Now the children have grown up and moved out we find ourselves with a spare room and time. So, with that in mind I am looking at making the spare room a studio for her and as a surprise I want to get her
A complete kit for her to start with.

I personally have never been able to draw let alone paint and rather than trust a word of a shop assistant I thought id ask here.

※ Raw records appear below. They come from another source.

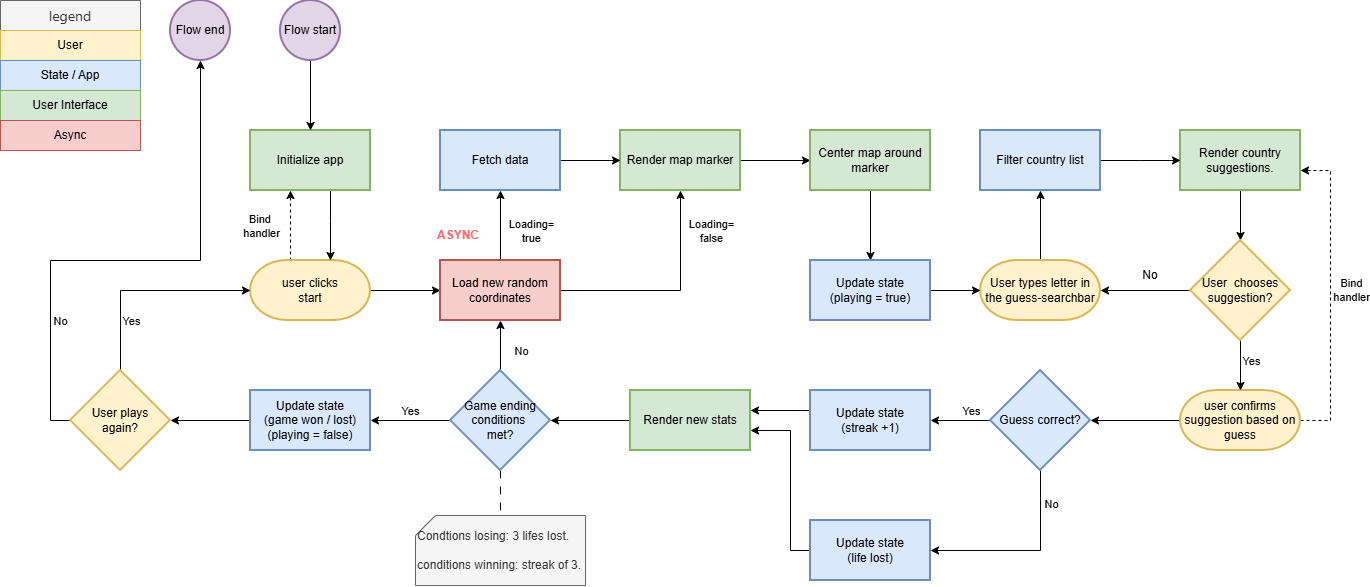

The diagram above was exported from draw.io. Its source (the exported page's mxGraphModel, read from the mxfile embedded in the PNG):
<mxGraphModel dx="2097" dy="2072" grid="1" gridSize="10" guides="1" tooltips="1" connect="1" arrows="1" fold="1" page="1" pageScale="1" pageWidth="827" pageHeight="1169" math="0" shadow="0">
  <root>
    <mxCell id="0" />
    <mxCell id="1" parent="0" />
    <mxCell id="xDdxqhS3IWKaMrxOeG3o-4" edge="1" parent="1" source="xDdxqhS3IWKaMrxOeG3o-2" style="edgeStyle=orthogonalEdgeStyle;rounded=0;orthogonalLoop=1;jettySize=auto;html=1;" target="xDdxqhS3IWKaMrxOeG3o-3" value="">
      <mxGeometry relative="1" as="geometry" />
    </mxCell>
    <mxCell id="5ue2JsBEmGS1qHlmJDTq-7" edge="1" parent="1" source="xDdxqhS3IWKaMrxOeG3o-2" style="edgeStyle=orthogonalEdgeStyle;rounded=0;orthogonalLoop=1;jettySize=auto;html=1;dashed=1;" target="5ue2JsBEmGS1qHlmJDTq-6" value="">
      <mxGeometry relative="1" as="geometry">
        <Array as="points">
          <mxPoint x="210" y="190" />
          <mxPoint x="210" y="190" />
        </Array>
      </mxGeometry>
    </mxCell>
    <mxCell id="5ue2JsBEmGS1qHlmJDTq-8" connectable="0" parent="5ue2JsBEmGS1qHlmJDTq-7" style="edgeLabel;html=1;align=center;verticalAlign=middle;resizable=0;points=[];" value="Bind&amp;nbsp;&lt;div&gt;handler&lt;/div&gt;" vertex="1">
      <mxGeometry relative="1" x="0.0053" y="2" as="geometry">
        <mxPoint x="-28" as="offset" />
      </mxGeometry>
    </mxCell>
    <mxCell id="xDdxqhS3IWKaMrxOeG3o-2" parent="1" style="strokeWidth=2;html=1;shape=mxgraph.flowchart.terminator;whiteSpace=wrap;fillColor=#fff2cc;strokeColor=#d6b656;" value="user clicks&lt;div&gt;start&lt;/div&gt;" vertex="1">
      <mxGeometry height="60" width="120" x="170" y="220" as="geometry" />
    </mxCell>
    <mxCell id="TSmi107_Cza2R-vzy_PW-2" edge="1" parent="1" source="xDdxqhS3IWKaMrxOeG3o-3" style="edgeStyle=orthogonalEdgeStyle;rounded=0;orthogonalLoop=1;jettySize=auto;html=1;" target="TSmi107_Cza2R-vzy_PW-1" value="">
      <mxGeometry relative="1" as="geometry" />
    </mxCell>
    <mxCell id="5ue2JsBEmGS1qHlmJDTq-10" connectable="0" parent="TSmi107_Cza2R-vzy_PW-2" style="edgeLabel;html=1;align=center;verticalAlign=middle;resizable=0;points=[];" value="Loading=&lt;div&gt;false&lt;/div&gt;" vertex="1">
      <mxGeometry relative="1" x="-0.162" y="-4" as="geometry">
        <mxPoint x="58" y="-64" as="offset" />
      </mxGeometry>
    </mxCell>
    <mxCell id="5ue2JsBEmGS1qHlmJDTq-12" edge="1" parent="1" source="xDdxqhS3IWKaMrxOeG3o-3" style="edgeStyle=orthogonalEdgeStyle;rounded=0;orthogonalLoop=1;jettySize=auto;html=1;" target="5ue2JsBEmGS1qHlmJDTq-11" value="">
      <mxGeometry relative="1" as="geometry" />
    </mxCell>
    <mxCell id="5ue2JsBEmGS1qHlmJDTq-13" connectable="0" parent="5ue2JsBEmGS1qHlmJDTq-12" style="edgeLabel;html=1;align=center;verticalAlign=middle;resizable=0;points=[];" value="Loading=&lt;div&gt;true&lt;/div&gt;" vertex="1">
      <mxGeometry relative="1" x="0.191" y="-4" as="geometry">
        <mxPoint x="26" y="12" as="offset" />
      </mxGeometry>
    </mxCell>
    <mxCell id="xDdxqhS3IWKaMrxOeG3o-3" parent="1" style="whiteSpace=wrap;html=1;fillColor=#f8cecc;strokeColor=#b85450;strokeWidth=2;" value="Load new random coordinates" vertex="1">
      <mxGeometry height="60" width="120" x="360" y="220" as="geometry" />
    </mxCell>
    <mxCell id="xDdxqhS3IWKaMrxOeG3o-5" parent="1" style="text;html=1;whiteSpace=wrap;strokeColor=none;fillColor=none;align=center;verticalAlign=middle;rounded=0;autosize=1;resizable=0;" value="&lt;font style=&quot;color: rgb(255, 102, 102);&quot;&gt;&lt;b&gt;ASYNC&lt;/b&gt;&lt;/font&gt;" vertex="1">
      <mxGeometry height="30" width="70" x="343" y="180" as="geometry" />
    </mxCell>
    <mxCell id="mC3xtva1ob92mNboHfQh-24" edge="1" parent="1" source="TSmi107_Cza2R-vzy_PW-1" style="edgeStyle=orthogonalEdgeStyle;rounded=0;orthogonalLoop=1;jettySize=auto;html=1;" target="mC3xtva1ob92mNboHfQh-23" value="">
      <mxGeometry relative="1" as="geometry" />
    </mxCell>
    <mxCell id="TSmi107_Cza2R-vzy_PW-1" parent="1" style="whiteSpace=wrap;html=1;fillColor=#d5e8d4;strokeColor=#82b366;strokeWidth=2;" value="Render map marker" vertex="1">
      <mxGeometry height="60" width="120" x="540" y="90" as="geometry" />
    </mxCell>
    <mxCell id="mC3xtva1ob92mNboHfQh-3" edge="1" parent="1" source="TSmi107_Cza2R-vzy_PW-3" style="edgeStyle=orthogonalEdgeStyle;rounded=0;orthogonalLoop=1;jettySize=auto;html=1;" target="mC3xtva1ob92mNboHfQh-2" value="">
      <mxGeometry relative="1" as="geometry">
        <Array as="points">
          <mxPoint x="960" y="130" />
        </Array>
      </mxGeometry>
    </mxCell>
    <mxCell id="TSmi107_Cza2R-vzy_PW-3" parent="1" style="strokeWidth=2;html=1;shape=mxgraph.flowchart.terminator;whiteSpace=wrap;fillColor=#fff2cc;strokeColor=#d6b656;" value="User types letter in the guess-searchbar" vertex="1">
      <mxGeometry height="60" width="120" x="900" y="220" as="geometry" />
    </mxCell>
    <mxCell id="mC3xtva1ob92mNboHfQh-12" edge="1" parent="1" source="TSmi107_Cza2R-vzy_PW-4" style="edgeStyle=orthogonalEdgeStyle;rounded=0;orthogonalLoop=1;jettySize=auto;html=1;" target="mC3xtva1ob92mNboHfQh-9">
      <mxGeometry relative="1" as="geometry" />
    </mxCell>
    <mxCell id="TSmi107_Cza2R-vzy_PW-4" parent="1" style="whiteSpace=wrap;html=1;fillColor=#d5e8d4;strokeColor=#82b366;strokeWidth=2;" value="Render country suggestions." vertex="1">
      <mxGeometry height="60" width="120" x="1100" y="90" as="geometry" />
    </mxCell>
    <mxCell id="TSmi107_Cza2R-vzy_PW-13" edge="1" parent="1" source="TSmi107_Cza2R-vzy_PW-9" style="edgeStyle=orthogonalEdgeStyle;rounded=0;orthogonalLoop=1;jettySize=auto;html=1;" target="TSmi107_Cza2R-vzy_PW-12" value="">
      <mxGeometry relative="1" as="geometry" />
    </mxCell>
    <mxCell id="5ue2JsBEmGS1qHlmJDTq-2" edge="1" parent="1" source="TSmi107_Cza2R-vzy_PW-9" style="edgeStyle=orthogonalEdgeStyle;rounded=0;orthogonalLoop=1;jettySize=auto;html=1;dashed=1;" target="TSmi107_Cza2R-vzy_PW-4">
      <mxGeometry relative="1" as="geometry">
        <Array as="points">
          <mxPoint x="1250" y="380" />
          <mxPoint x="1250" y="130" />
        </Array>
      </mxGeometry>
    </mxCell>
    <mxCell id="5ue2JsBEmGS1qHlmJDTq-3" connectable="0" parent="5ue2JsBEmGS1qHlmJDTq-2" style="edgeLabel;html=1;align=center;verticalAlign=middle;resizable=0;points=[];" value="Bind&lt;div&gt;handler&lt;/div&gt;" vertex="1">
      <mxGeometry relative="1" x="-0.2449" y="3" as="geometry">
        <mxPoint x="23" y="-43" as="offset" />
      </mxGeometry>
    </mxCell>
    <mxCell id="TSmi107_Cza2R-vzy_PW-9" parent="1" style="strokeWidth=2;html=1;shape=mxgraph.flowchart.terminator;whiteSpace=wrap;fillColor=#fff2cc;strokeColor=#d6b656;" value="user confirms suggestion based on guess" vertex="1">
      <mxGeometry height="60" width="120" x="1100" y="350" as="geometry" />
    </mxCell>
    <mxCell id="mC3xtva1ob92mNboHfQh-20" edge="1" parent="1" source="TSmi107_Cza2R-vzy_PW-12" style="edgeStyle=orthogonalEdgeStyle;rounded=0;orthogonalLoop=1;jettySize=auto;html=1;" target="mC3xtva1ob92mNboHfQh-16" value="">
      <mxGeometry relative="1" as="geometry" />
    </mxCell>
    <mxCell id="8qwch8WfX-b8xRvc5XC9-25" connectable="0" parent="mC3xtva1ob92mNboHfQh-20" style="edgeLabel;html=1;align=center;verticalAlign=middle;resizable=0;points=[];" value="Yes" vertex="1">
      <mxGeometry relative="1" x="0.0487" y="-1" as="geometry">
        <mxPoint x="12" y="-9" as="offset" />
      </mxGeometry>
    </mxCell>
    <mxCell id="mC3xtva1ob92mNboHfQh-21" edge="1" parent="1" source="TSmi107_Cza2R-vzy_PW-12" style="edgeStyle=orthogonalEdgeStyle;rounded=0;orthogonalLoop=1;jettySize=auto;html=1;" target="TSmi107_Cza2R-vzy_PW-19">
      <mxGeometry relative="1" as="geometry">
        <Array as="points">
          <mxPoint x="960" y="510" />
        </Array>
      </mxGeometry>
    </mxCell>
    <mxCell id="8qwch8WfX-b8xRvc5XC9-26" connectable="0" parent="mC3xtva1ob92mNboHfQh-21" style="edgeLabel;html=1;align=center;verticalAlign=middle;resizable=0;points=[];" value="No" vertex="1">
      <mxGeometry relative="1" x="-0.6503" y="1" as="geometry">
        <mxPoint x="9" as="offset" />
      </mxGeometry>
    </mxCell>
    <mxCell id="TSmi107_Cza2R-vzy_PW-12" parent="1" style="rhombus;whiteSpace=wrap;html=1;strokeWidth=2;fillColor=#dae8fc;strokeColor=#6c8ebf;" value="Guess correct?" vertex="1">
      <mxGeometry height="100" width="100" x="910" y="330" as="geometry" />
    </mxCell>
    <mxCell id="mC3xtva1ob92mNboHfQh-17" edge="1" parent="1" source="TSmi107_Cza2R-vzy_PW-19" style="edgeStyle=orthogonalEdgeStyle;rounded=0;orthogonalLoop=1;jettySize=auto;html=1;" target="TSmi107_Cza2R-vzy_PW-24">
      <mxGeometry relative="1" as="geometry">
        <Array as="points">
          <mxPoint x="710" y="510" />
          <mxPoint x="710" y="390" />
        </Array>
      </mxGeometry>
    </mxCell>
    <mxCell id="TSmi107_Cza2R-vzy_PW-19" parent="1" style="whiteSpace=wrap;html=1;fillColor=#dae8fc;strokeColor=#6c8ebf;strokeWidth=2;" value="Update state&lt;div&gt;(life lost)&lt;/div&gt;" vertex="1">
      <mxGeometry height="60" width="120" x="730" y="480" as="geometry" />
    </mxCell>
    <mxCell id="mC3xtva1ob92mNboHfQh-19" edge="1" parent="1" source="TSmi107_Cza2R-vzy_PW-24" style="edgeStyle=orthogonalEdgeStyle;rounded=0;orthogonalLoop=1;jettySize=auto;html=1;" target="1NtSNoe1Hf7ksYwbvCQH-1" value="">
      <mxGeometry relative="1" as="geometry" />
    </mxCell>
    <mxCell id="TSmi107_Cza2R-vzy_PW-24" parent="1" style="whiteSpace=wrap;html=1;fillColor=#d5e8d4;strokeColor=#82b366;strokeWidth=2;" value="Render new stats" vertex="1">
      <mxGeometry height="60" width="120" x="550" y="350" as="geometry" />
    </mxCell>
    <mxCell id="1NtSNoe1Hf7ksYwbvCQH-6" edge="1" parent="1" source="1NtSNoe1Hf7ksYwbvCQH-1" style="edgeStyle=orthogonalEdgeStyle;rounded=0;orthogonalLoop=1;jettySize=auto;html=1;" target="xDdxqhS3IWKaMrxOeG3o-3" value="">
      <mxGeometry relative="1" as="geometry" />
    </mxCell>
    <mxCell id="1NtSNoe1Hf7ksYwbvCQH-11" connectable="0" parent="1NtSNoe1Hf7ksYwbvCQH-6" style="edgeLabel;html=1;align=center;verticalAlign=middle;resizable=0;points=[];" value="No" vertex="1">
      <mxGeometry relative="1" x="0.184" y="-2" as="geometry">
        <mxPoint x="18" y="10" as="offset" />
      </mxGeometry>
    </mxCell>
    <mxCell id="8qwch8WfX-b8xRvc5XC9-16" edge="1" parent="1" source="1NtSNoe1Hf7ksYwbvCQH-1" style="edgeStyle=orthogonalEdgeStyle;rounded=0;orthogonalLoop=1;jettySize=auto;html=1;" target="8qwch8WfX-b8xRvc5XC9-15">
      <mxGeometry relative="1" as="geometry" />
    </mxCell>
    <mxCell id="8qwch8WfX-b8xRvc5XC9-24" connectable="0" parent="8qwch8WfX-b8xRvc5XC9-16" style="edgeLabel;html=1;align=center;verticalAlign=middle;resizable=0;points=[];" value="Yes" vertex="1">
      <mxGeometry relative="1" x="0.2391" y="-1" as="geometry">
        <mxPoint x="9" y="-9" as="offset" />
      </mxGeometry>
    </mxCell>
    <mxCell id="8qwch8WfX-b8xRvc5XC9-19" edge="1" parent="1" source="1NtSNoe1Hf7ksYwbvCQH-1" style="edgeStyle=orthogonalEdgeStyle;rounded=0;orthogonalLoop=1;jettySize=auto;html=1;endArrow=none;endFill=0;dashed=1;dashPattern=8 8;" target="1NtSNoe1Hf7ksYwbvCQH-20">
      <mxGeometry relative="1" as="geometry" />
    </mxCell>
    <mxCell id="1NtSNoe1Hf7ksYwbvCQH-1" parent="1" style="rhombus;whiteSpace=wrap;html=1;fillColor=#dae8fc;strokeColor=#6c8ebf;strokeWidth=2;" value="Game ending conditions&amp;nbsp;&lt;div&gt;met?&lt;/div&gt;" vertex="1">
      <mxGeometry height="100" width="100" x="370" y="330" as="geometry" />
    </mxCell>
    <mxCell id="1NtSNoe1Hf7ksYwbvCQH-20" parent="1" style="verticalLabelPosition=middle;verticalAlign=middle;html=1;shape=card;whiteSpace=wrap;size=20;arcSize=12;labelPosition=center;align=left;fillColor=#f5f5f5;fontColor=#333333;strokeColor=#666666;" value="Condtions losing: 3 lifes lost.&lt;div&gt;&lt;br&gt;&lt;div&gt;conditions winning: streak of 3.&lt;/div&gt;&lt;/div&gt;" vertex="1">
      <mxGeometry height="70" width="170" x="335" y="475" as="geometry" />
    </mxCell>
    <mxCell id="mC3xtva1ob92mNboHfQh-6" edge="1" parent="1" source="mC3xtva1ob92mNboHfQh-2" style="edgeStyle=orthogonalEdgeStyle;rounded=0;orthogonalLoop=1;jettySize=auto;html=1;" target="TSmi107_Cza2R-vzy_PW-4">
      <mxGeometry relative="1" as="geometry">
        <Array as="points">
          <mxPoint x="1060" y="120" />
          <mxPoint x="1060" y="120" />
        </Array>
      </mxGeometry>
    </mxCell>
    <mxCell id="mC3xtva1ob92mNboHfQh-2" parent="1" style="whiteSpace=wrap;html=1;fillColor=#dae8fc;strokeColor=#6c8ebf;strokeWidth=2;" value="Filter country list" vertex="1">
      <mxGeometry height="60" width="120" x="900" y="90" as="geometry" />
    </mxCell>
    <mxCell id="mC3xtva1ob92mNboHfQh-10" edge="1" parent="1" source="mC3xtva1ob92mNboHfQh-9" style="edgeStyle=orthogonalEdgeStyle;rounded=0;orthogonalLoop=1;jettySize=auto;html=1;" target="TSmi107_Cza2R-vzy_PW-9">
      <mxGeometry relative="1" as="geometry" />
    </mxCell>
    <mxCell id="mC3xtva1ob92mNboHfQh-15" connectable="0" parent="mC3xtva1ob92mNboHfQh-10" style="edgeLabel;html=1;align=center;verticalAlign=middle;resizable=0;points=[];" value="Yes" vertex="1">
      <mxGeometry relative="1" x="-0.384" y="-1" as="geometry">
        <mxPoint x="11" y="5" as="offset" />
      </mxGeometry>
    </mxCell>
    <mxCell id="mC3xtva1ob92mNboHfQh-11" edge="1" parent="1" source="mC3xtva1ob92mNboHfQh-9" style="edgeStyle=orthogonalEdgeStyle;rounded=0;orthogonalLoop=1;jettySize=auto;html=1;" target="TSmi107_Cza2R-vzy_PW-3">
      <mxGeometry relative="1" as="geometry" />
    </mxCell>
    <mxCell id="mC3xtva1ob92mNboHfQh-9" parent="1" style="rhombus;whiteSpace=wrap;html=1;strokeWidth=2;fillColor=#fff2cc;strokeColor=#d6b656;" value="User&amp;nbsp; chooses suggestion?" vertex="1">
      <mxGeometry height="100" width="100" x="1110" y="200" as="geometry" />
    </mxCell>
    <mxCell id="mC3xtva1ob92mNboHfQh-13" parent="1" style="text;html=1;whiteSpace=wrap;strokeColor=none;fillColor=none;align=center;verticalAlign=middle;rounded=0;autosize=1;resizable=0;" value="No" vertex="1">
      <mxGeometry height="30" width="40" x="1050" y="220" as="geometry" />
    </mxCell>
    <mxCell id="mC3xtva1ob92mNboHfQh-18" edge="1" parent="1" source="mC3xtva1ob92mNboHfQh-16" style="edgeStyle=orthogonalEdgeStyle;rounded=0;orthogonalLoop=1;jettySize=auto;html=1;" target="TSmi107_Cza2R-vzy_PW-24" value="">
      <mxGeometry relative="1" as="geometry">
        <Array as="points">
          <mxPoint x="720" y="370" />
          <mxPoint x="720" y="370" />
        </Array>
      </mxGeometry>
    </mxCell>
    <mxCell id="mC3xtva1ob92mNboHfQh-16" parent="1" style="whiteSpace=wrap;html=1;fillColor=#dae8fc;strokeColor=#6c8ebf;strokeWidth=2;" value="Update state&lt;div&gt;(streak +1)&lt;/div&gt;" vertex="1">
      <mxGeometry height="60" width="120" x="730" y="350" as="geometry" />
    </mxCell>
    <mxCell id="8qwch8WfX-b8xRvc5XC9-22" edge="1" parent="1" source="mC3xtva1ob92mNboHfQh-23" style="edgeStyle=orthogonalEdgeStyle;rounded=0;orthogonalLoop=1;jettySize=auto;html=1;" target="8qwch8WfX-b8xRvc5XC9-21" value="">
      <mxGeometry relative="1" as="geometry" />
    </mxCell>
    <mxCell id="mC3xtva1ob92mNboHfQh-23" parent="1" style="whiteSpace=wrap;html=1;fillColor=#d5e8d4;strokeColor=#82b366;strokeWidth=2;" value="Center map around marker" vertex="1">
      <mxGeometry height="60" width="120" x="730" y="90" as="geometry" />
    </mxCell>
    <mxCell id="5ue2JsBEmGS1qHlmJDTq-17" edge="1" parent="1" source="5ue2JsBEmGS1qHlmJDTq-6" style="edgeStyle=orthogonalEdgeStyle;rounded=0;orthogonalLoop=1;jettySize=auto;html=1;" target="xDdxqhS3IWKaMrxOeG3o-2" value="">
      <mxGeometry relative="1" as="geometry">
        <Array as="points">
          <mxPoint x="250" y="180" />
          <mxPoint x="250" y="180" />
        </Array>
      </mxGeometry>
    </mxCell>
    <mxCell id="5ue2JsBEmGS1qHlmJDTq-6" parent="1" style="whiteSpace=wrap;html=1;fillColor=#d5e8d4;strokeColor=#82b366;strokeWidth=2;" value="&lt;span&gt;Initialize app&lt;/span&gt;" vertex="1">
      <mxGeometry height="60" width="120" x="170" y="90" as="geometry" />
    </mxCell>
    <mxCell id="5ue2JsBEmGS1qHlmJDTq-15" edge="1" parent="1" source="5ue2JsBEmGS1qHlmJDTq-11" style="edgeStyle=orthogonalEdgeStyle;rounded=0;orthogonalLoop=1;jettySize=auto;html=1;" target="TSmi107_Cza2R-vzy_PW-1">
      <mxGeometry relative="1" as="geometry" />
    </mxCell>
    <mxCell id="5ue2JsBEmGS1qHlmJDTq-11" parent="1" style="whiteSpace=wrap;html=1;fillColor=#dae8fc;strokeColor=#6c8ebf;strokeWidth=2;" value="Fetch data" vertex="1">
      <mxGeometry height="60" width="120" x="360" y="90" as="geometry" />
    </mxCell>
    <mxCell id="8qwch8WfX-b8xRvc5XC9-2" edge="1" parent="1" source="8qwch8WfX-b8xRvc5XC9-1" style="edgeStyle=orthogonalEdgeStyle;rounded=0;orthogonalLoop=1;jettySize=auto;html=1;" target="5ue2JsBEmGS1qHlmJDTq-6">
      <mxGeometry relative="1" as="geometry" />
    </mxCell>
    <mxCell id="8qwch8WfX-b8xRvc5XC9-1" parent="1" style="strokeWidth=2;html=1;shape=mxgraph.flowchart.start_2;whiteSpace=wrap;fillColor=#e1d5e7;strokeColor=#9673a6;" value="Flow start" vertex="1">
      <mxGeometry height="60" width="60" x="200" y="-40" as="geometry" />
    </mxCell>
    <mxCell id="8qwch8WfX-b8xRvc5XC9-5" parent="1" style="strokeWidth=2;html=1;shape=mxgraph.flowchart.start_2;whiteSpace=wrap;fillColor=#e1d5e7;strokeColor=#9673a6;" value="Flow end" vertex="1">
      <mxGeometry height="60" width="60" x="90" y="-40" as="geometry" />
    </mxCell>
    <mxCell id="8qwch8WfX-b8xRvc5XC9-10" edge="1" parent="1" source="8qwch8WfX-b8xRvc5XC9-8" style="edgeStyle=orthogonalEdgeStyle;rounded=0;orthogonalLoop=1;jettySize=auto;html=1;" target="xDdxqhS3IWKaMrxOeG3o-2">
      <mxGeometry relative="1" as="geometry">
        <Array as="points">
          <mxPoint x="40" y="250" />
        </Array>
      </mxGeometry>
    </mxCell>
    <mxCell id="8qwch8WfX-b8xRvc5XC9-13" connectable="0" parent="8qwch8WfX-b8xRvc5XC9-10" style="edgeLabel;html=1;align=center;verticalAlign=middle;resizable=0;points=[];" value="Yes" vertex="1">
      <mxGeometry relative="1" x="-0.4944" as="geometry">
        <mxPoint x="10" y="3" as="offset" />
      </mxGeometry>
    </mxCell>
    <mxCell id="8qwch8WfX-b8xRvc5XC9-12" edge="1" parent="1" source="8qwch8WfX-b8xRvc5XC9-8" style="edgeStyle=orthogonalEdgeStyle;rounded=0;orthogonalLoop=1;jettySize=auto;html=1;" target="8qwch8WfX-b8xRvc5XC9-5" value="">
      <mxGeometry relative="1" as="geometry">
        <Array as="points">
          <mxPoint x="-30" y="380" />
          <mxPoint x="-30" y="220" />
          <mxPoint x="120" y="220" />
        </Array>
      </mxGeometry>
    </mxCell>
    <mxCell id="8qwch8WfX-b8xRvc5XC9-14" connectable="0" parent="8qwch8WfX-b8xRvc5XC9-12" style="edgeLabel;html=1;align=center;verticalAlign=middle;resizable=0;points=[];" value="No" vertex="1">
      <mxGeometry relative="1" x="-0.1394" y="1" as="geometry">
        <mxPoint x="-38" y="61" as="offset" />
      </mxGeometry>
    </mxCell>
    <mxCell id="8qwch8WfX-b8xRvc5XC9-8" parent="1" style="rhombus;whiteSpace=wrap;html=1;fillColor=#fff2cc;strokeColor=#d6b656;strokeWidth=2;" value="User plays&lt;div&gt;again?&lt;/div&gt;" vertex="1">
      <mxGeometry height="100" width="100" x="-10" y="330" as="geometry" />
    </mxCell>
    <mxCell id="8qwch8WfX-b8xRvc5XC9-17" edge="1" parent="1" source="8qwch8WfX-b8xRvc5XC9-15" style="edgeStyle=orthogonalEdgeStyle;rounded=0;orthogonalLoop=1;jettySize=auto;html=1;" target="8qwch8WfX-b8xRvc5XC9-8">
      <mxGeometry relative="1" as="geometry" />
    </mxCell>
    <mxCell id="8qwch8WfX-b8xRvc5XC9-15" parent="1" style="whiteSpace=wrap;html=1;fillColor=#dae8fc;strokeColor=#6c8ebf;strokeWidth=2;" value="Update state&lt;div&gt;(game won / lost)&lt;/div&gt;&lt;div&gt;(playing = false)&lt;/div&gt;" vertex="1">
      <mxGeometry height="60" width="120" x="170" y="350" as="geometry" />
    </mxCell>
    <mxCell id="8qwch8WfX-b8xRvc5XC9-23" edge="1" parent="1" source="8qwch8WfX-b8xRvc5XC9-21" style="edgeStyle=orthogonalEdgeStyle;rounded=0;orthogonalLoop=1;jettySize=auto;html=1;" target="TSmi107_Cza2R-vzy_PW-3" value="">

Hope this is ok and any suggestions would be appreciated.

Thank you.

Dave


----------



## john weik (Nov 25, 2017)

Just starting out? Use only the best art materials and paints when you do. Oil paints are a classic medium, popular for centuries. Some artists may be intimidated to take up this luminous paint, so we've put together sets to help get started or to continue the journey into oils. These lavish oil painting sets encompass everything from basics for beginners to the ultimate complete oil painting studio and everything in between! No matter your skill level or experience, you are sure to find the perfect art painting set to get you started or expand your knowledge in oil paints right here. Many oil painting kits also include mediums, brushes, and even canvas or easels

Look Some old paintings which are related to oil paintings Famous paintings


----------



## M Winther (May 14, 2016)

Today, cheaper brands of oil paint are fine. Their pigments are good, unlike in earlier times when they weren't always lightfast. I recommend Liquin as medium. Always mix paints with medium. Always use non-odour solvent. Do not buy cadmium paints. They are very poisonous to the environment. They are also superfluous. There are others, such as the pyrroles. Paint so that the paint strokes are visible. Don't be finicky. Paint boldly. Use decent size canvases. Cotton is fine. Flat hog brushes are the best, but nylon, etc., could be useful. The bristles should leave marks in the paint layer.


----------



## DefosseArt (Dec 20, 2017)

make sure in the studio is "bleached" linseed oil" i think that's as important as the paint itself..;-)


----------



## dickhutchings (Oct 6, 2015)

Why bleached linseed? I use walnut oil.


----------



## M Winther (May 14, 2016)

Some say that bleached linseed oil, after it has been applied, will become as yellow as boiled linseed oil with time, although it might take many years. I don't know if it's correct. These oil mediums are kind of old school, causing diverse problems, such as yellowing, slow drying time, etc. I prefer alkyd medium, such as Liquin. The paint layer becomes somewhat more flexible, reducing the risk for craquelure. It yellows less and dries faster. Alkyd mediums come in different formulas, such as pastose and flowing formulas. They can be thinned with regular solvent. Of course, one can also mix them with oil medium.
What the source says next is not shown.